Complicações da sífilis congênita

As complicações da sífilis congênita podem ocorrer durante a gestação ou com o bebê após o nascimento. Nesse caso, se caracterizando como sífilis precoce, quando os sinais e sintomas aparecem até o segundo ano de vida e, após o segundo ano de vida, como sífilis congênita tardia. Conforme a obstetra, são potenciais complicações durante a gestação, “o abortamento, morte fetal, morte neonatal, restrição do crescimento do feto e baixo peso, nascimento prematuro e nascidos com sífilis congênita latente ou com lesões bolhosas de pele por todo o corpo”.

Em 2018, foram 129 notificações de sífilis congênita registradas no HSVP. Somente neste ano, já são 97 notificações. De acordo com a enfermeira do Núcleo de Vigilância Epidemiológica Hospitalar (NVEH) no HSVP, Claudia Deon, “a sífilis gestante possui um número de notificações menor do que as congênitas, pois algumas gestantes já são notificadas no pré-natal”.

Sinais de um paciente com sífilis

A doença é dividida em vários estágios. Conforme explica Giovana, a sífilis primária, tem como sinal inicial, após 10 a 90 dias de contágio, uma úlcera na região genital, anal ou mucosa oral, podendo estar acompanhada de ínguas na virilha. “Esta lesão pode passar sem um diagnóstico preciso, por ser confundida com outras patologias ou pouco valorizada pelo paciente”, ressalta a obstetra. “Desta maneira, os pacientes podem ter sífilis e não ser diagnosticada por muitos anos”, conclui.

Na sífilis secundária, os sinais e sintomas aparecem entre seis semanas e seis meses do aparecimento e cicatrização da ferida inicial.

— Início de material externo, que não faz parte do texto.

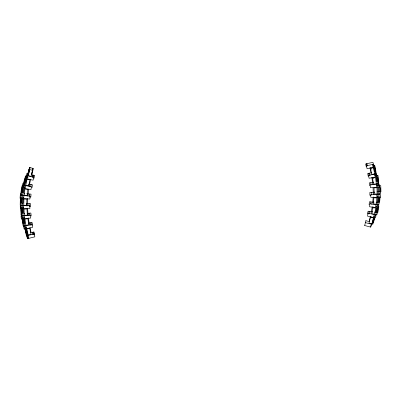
<?xml version="1.0" encoding="UTF-8"?>
<svg xmlns="http://www.w3.org/2000/svg" width="401" height="401" viewBox="0 0 401 401"><rect width="100%" height="100%" fill="white"/><g stroke="black" fill="none" stroke-linecap="round" stroke-linejoin="round"><path stroke-width="0.6" d="M20.321 198.986L20.195 205.197L26.757 205.337L26.887 199.122L23.905 199.061L23.779 205.272M20.626 203.222L20.757 197.006M21.083 205.217L21.208 199.006M21.834 197.031L21.704 203.242L22.897 203.267M22.316 205.242L22.446 199.031L23.639 199.056M23.068 203.272L23.198 197.056M27.674 198.395L27.569 203.362L26.376 203.337M371.757 194.716L371.832 192.335M373.476 194.771L373.547 192.385M377.04 194.48L376.95 197.462L370.74 197.272L370.83 194.29L380.429 194.58L380.338 197.563L377.541 197.477M378.785 197.518L378.875 194.535M379.687 194.956L379.722 193.763M20.672 195.197L20.797 193.412M20.952 198.405L21.163 195.432M22.421 195.518L22.215 198.495L23.453 198.58M23.91 195.623L23.704 198.595L29.9 199.031L30.11 196.059L20.261 195.367L20.05 198.34L21.288 198.43M27.925 196.305L28.095 193.924M29.318 196.4L29.484 194.019M373.216 196.906L372.78 201.858L373.968 201.964M376.328 204.164L376.87 197.974L373.897 197.713L373.356 203.903L378.96 204.395L379.501 198.204M377.752 204.289L378.293 198.099M379.105 196.174L378.564 202.365L377.376 202.259M379.612 202.455L380.103 196.886M21.413 188.605L20.677 194.776L27.148 195.548L27.89 189.377L24.927 189.026L24.19 195.192M21.298 192.846L22.035 186.676L24.276 186.946M21.549 194.876L22.286 188.711M22.351 192.971L23.093 186.801M22.757 195.021L23.494 188.851M28.656 189.347L28.14 193.663L26.952 193.523M369.08 204.69L369.476 201.733L374.018 202.345M370.659 203.698L370.895 201.924M371.857 204.46L372.173 202.094M376.088 204.625L375.692 207.583L369.532 206.756L369.928 203.798L378.609 204.966L378.213 207.918M377.055 207.763L377.451 204.811M378.013 205.287L378.173 204.104M21.774 188.054L22.261 185.112L31.484 186.645L30.997 189.588L23.609 188.36L24.095 185.417M22.536 185.563L22.927 183.207L24.155 183.412M22.541 188.179L23.027 185.242M24.867 188.57L25.353 185.628M28.762 185.989L29.057 184.224M29.594 186.731L29.985 184.38M30.772 186.931L31.163 184.575M31.985 187.733L32.471 184.791L28.757 184.174M372.258 206.69L371.376 211.583L372.549 211.793M373.361 208.154L373.582 206.931M374.629 214.189L375.732 208.074L372.795 207.548L371.692 213.658L376.98 214.615L378.083 208.5L376.91 208.284M375.637 212.35L376.734 206.234L375.562 206.024M375.902 214.42L377.005 208.304M377.927 206.45L376.825 212.565L374.459 212.139M377.762 212.736L378.865 206.62M24.571 178.681L23.318 184.766L28.702 185.874L29.955 179.788L27.032 179.187L25.779 185.272M23.99 182.876L25.243 176.791L28.085 177.377M23.93 184.891L25.178 178.806M24.727 183.026L25.98 176.941M24.777 185.067L26.03 178.981M25.664 183.222L26.917 177.137M29.629 184.034L30.631 179.167M367.431 214.094L368.078 211.182L372.509 212.164M368.619 213.748L369.136 211.417M369.567 213.959L370.083 211.628M373.602 217.497L374.248 214.585M374.619 217.723L375.266 214.811M375.506 215.883L375.892 214.134M25.619 177.217L26.03 175.478L33.794 177.307L33.108 180.209L27.062 178.786L27.744 175.884M25.99 176.485L26.677 173.583L27.885 173.869M25.769 178.48L26.456 175.578M26.361 178.62L27.047 175.718M32.311 176.756L32.722 175.011M32.687 177.458L33.238 175.137M33.343 177.613L33.89 175.292M33.935 178.365L34.616 175.463L31.423 174.706M369.191 221.192L370.399 216.37M370.659 217.718L370.96 216.51M371.882 223.918L373.391 217.888L370.499 217.167L368.99 223.192L372.88 224.169L374.389 218.139M372.644 222.059L374.153 216.029M372.424 224.054L373.933 218.024M373.151 222.184L374.359 217.362M373.547 222.284L374.755 217.462M28.947 169.382L27.413 175.402L31.143 176.355L32.681 170.335L29.794 169.598L28.255 175.618M27.995 173.498L29.534 167.478L33.353 168.455L31.819 174.475M27.624 175.458L29.158 169.438M28.25 173.563L29.784 167.543M27.91 175.528L29.448 169.508M28.571 173.648L30.11 167.628M32.215 170.089L32.676 168.28M31.458 174.385L32.997 168.365M364.669 225.527L365.912 220.715M370.659 227.086L371.597 223.427L370.684 227.091L364.619 225.512M30.366 232.826L33.985 231.933L34.697 234.831M373.02 165.808L374.77 165.458L375.983 171.553M28.316 223.202L32.065 222.475L32.631 225.402M371.807 172.751L367.727 173.443L368.228 176.38M374.729 175.733L377.942 175.307L378.755 181.468M373.682 182.134L372.499 182.29L371.847 177.362M27.032 213.462L30.857 213.021L31.198 215.984M373.577 182.515L369.246 182.886L369.496 185.858M24.777 213.307L23.584 213.392L23.148 207.197M376.629 185.758L380.76 185.633L380.95 191.843L379.757 191.879M377.547 187.718L378.739 187.683L378.93 193.894M379.035 187.673L380.228 187.638L380.414 193.848L374.188 194.039L374.003 187.828L376.98 187.738L377.171 193.944M374.399 192.044L373.206 192.079L373.07 187.733M376.82 191.969L378.013 191.934L377.822 185.723M378.464 191.919L379.657 191.884L379.466 185.673M26.546 203.658L30.496 203.553L30.576 206.53L29.333 206.565M23.564 208.705L20.331 208.791L20.25 205.813L29.824 205.558L29.905 208.54L23.694 208.705L23.614 205.723M374.313 192.41L369.922 192.274L369.832 195.257L371.075 195.292M26.852 193.838L31.032 194.129L30.822 197.107L29.584 197.016M376.584 195.954L377.772 196.059L377.231 202.249L376.043 202.144M25.614 187.107L24.426 186.961L23.689 193.132L24.877 193.272M365.857 220.7L369.522 221.653M365.371 222.625L371.436 224.204M33.383 232.084L34.095 234.981M32.842 232.219L33.413 234.535M32.416 232.319L32.987 234.64M28.125 235.427L28.837 238.324M27.544 235.567L28.255 238.465M27.052 235.693L27.769 238.585M26.666 234.966L27.098 236.705M374.178 166.54L373.657 164.209L366.424 165.834L367.08 168.746L373.141 167.382L372.489 164.475M373.622 165.237L372.97 162.325L365.657 163.969L366.308 166.881M373.12 164.33L373.777 167.242M366.905 163.688L367.431 166.019M366.313 163.824L366.709 165.568M29.96 227.492L31.042 232.344M28.175 235.016L26.822 228.956L29.734 228.304L31.083 234.369L26.356 235.422L25.007 229.357M26.01 227.096L27.363 233.161M26.085 229.116L27.433 235.181M25.318 227.252L26.672 233.317M25.458 229.257L26.807 235.322M25.042 228.585L26.125 233.437M374.895 167.463L376.108 173.553L371.742 174.425L370.524 168.335L373.446 167.748L374.664 173.844M374.193 165.573L375.406 171.668M374.228 167.593L375.446 173.688M373.461 165.718L374.679 171.813M370.78 167.523L371.146 169.347M369.968 167.683L370.94 172.56M31.098 222.665L31.549 225.006M30.22 222.831L30.677 225.177M29.534 222.966L29.985 225.307M25.854 225.703L26.416 228.63M24.917 225.883L25.484 228.811M24.125 226.034L24.692 228.961M23.659 225.317L23.885 226.485M376.9 176.33L376.499 173.974L368.574 175.317L369.07 178.255L375.196 177.222L374.699 174.28M375.782 172.079L376.178 174.435M375.677 174.114L376.173 177.057M369.657 173.117L370.053 175.468M368.745 173.272L369.141 175.623M28.356 217.843L29.128 222.75M25.89 225.272L24.927 219.136L27.869 218.67L28.837 224.811L23.093 225.713L22.125 219.578M24.03 217.262L24.997 223.402M23.784 219.317L24.752 225.452M22.967 217.432L23.93 223.568M22.822 219.467L23.784 225.603M22.125 217.563L23.093 223.703M377.792 177.337L378.599 183.493L373.396 184.179L372.589 178.019L375.547 177.628L376.354 183.788M377.045 175.427L377.857 181.588M376.76 177.473L377.572 183.628M375.907 175.578L376.719 181.738M373.115 177.197L373.276 178.43M29.504 213.177L29.774 215.548M28.281 213.317L28.556 215.688M27.318 213.427L27.594 215.798M24.225 215.788L24.566 218.751M22.922 215.939L23.263 218.901M21.814 216.064L22.155 219.026M21.148 214.139L21.418 216.51M379.406 187.006L379.156 184.034L370.203 184.801L370.454 187.768L376.644 187.242L376.394 184.27M378.389 182.104L378.594 184.48M377.887 184.144L378.143 187.117M372.198 182.635L372.354 184.415M370.8 182.751L371.005 185.132M27.574 208.129L27.925 213.086M24.396 215.327L23.96 209.132L26.937 208.921L27.373 215.116L21.178 215.558L20.742 209.357M22.646 209.222L23.088 215.422M21.92 207.282L22.356 213.477M21.539 209.302L21.975 215.497M20.952 207.352L21.393 213.548M29.072 203.588L29.133 205.974M27.789 203.623L27.849 206.009M26.777 203.648L26.842 206.034M22.245 205.758L22.326 208.741M21.083 205.788L21.163 208.771M20.596 205.006L20.646 206.796M368.183 213.242L367.537 216.154L375.481 217.913L376.123 215.001L368.183 213.242M34.155 233.938L26.702 235.778L27.418 238.675L34.867 236.836L34.155 233.938M31.955 224.525L23.559 226.144L24.125 229.071L32.516 227.452L31.955 224.525M30.401 215.076L21.022 216.154L21.363 219.116L30.742 218.039L30.401 215.076"/></g></svg>

Podem ocorrer lesões de pele que geralmente não coçam, mais comumente nas palmas das mãos e plantas dos pés. “Essas lesões são ricas em bactérias. Febre, mal-estar geral, dor de cabeça e ínguas são outros sintomas”, salienta a doutora.

No caso da sífilis latente, é a fase em que não há sinais ou sintomas e, com o passar dos anos, a doença torna-se crônica. Por fim, há a sífilis terciária, que pode surgir de 2 a 40 anos depois do início da infecção. Segundo Giovana, “há acometimento de diversos órgãos, como coração, vasos sanguíneos, cérebro e ossos, até morte”.

Previna-se

A prevenção para a doença, se dá com o uso de preservativos nas relações sexuais e com o tratamento da gestante. Conforme explica a obstetra, neste último caso de tratamento, pode-se reduzir a transmissão vertical para o feto para 1% a 2%. O diagnóstico pode ser feito através do teste rápido nos serviços de saúde do Sistema Único de Saúde (SUS), e em amostra de sangue. “Existem ainda outros testes sanguíneos usados, quando há dúvida no diagnóstico”, reforça Giovana.